[Task description] Where a line contains the word "with", copy that line from the records below.
□ □ □ □
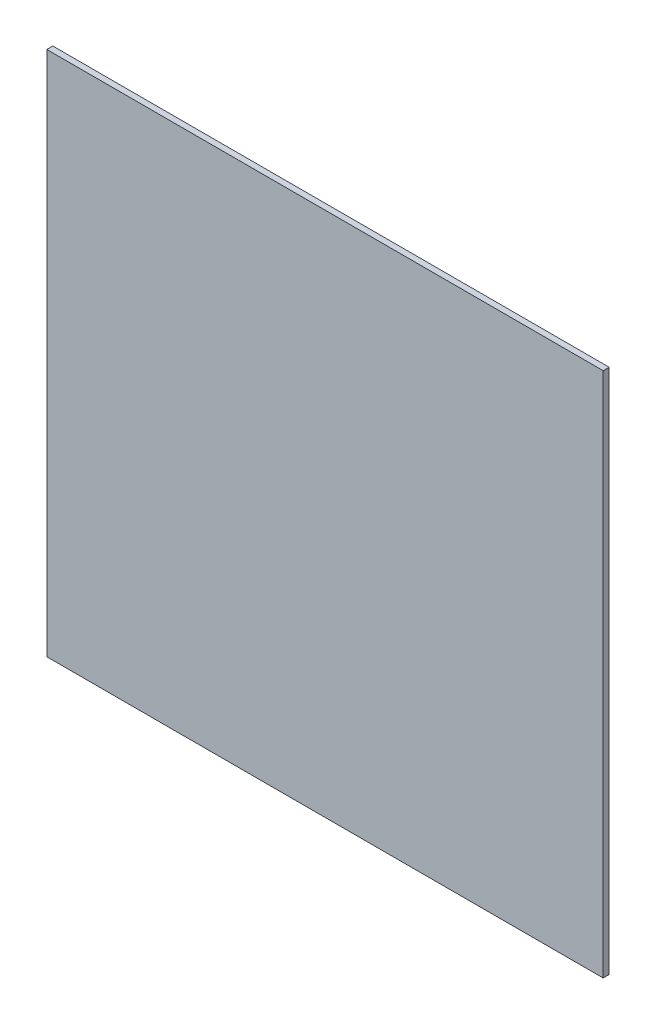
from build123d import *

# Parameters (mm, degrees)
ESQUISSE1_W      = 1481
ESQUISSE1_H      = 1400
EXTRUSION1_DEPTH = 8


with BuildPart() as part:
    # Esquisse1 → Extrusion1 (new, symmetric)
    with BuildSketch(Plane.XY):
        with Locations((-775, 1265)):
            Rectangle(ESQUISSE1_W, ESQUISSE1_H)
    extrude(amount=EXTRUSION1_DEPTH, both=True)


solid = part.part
□ □ □ □
[Completed task]
with BuildPart() as part:
    with BuildSketch(Plane.XY):
        with Locations((-775, 1265)):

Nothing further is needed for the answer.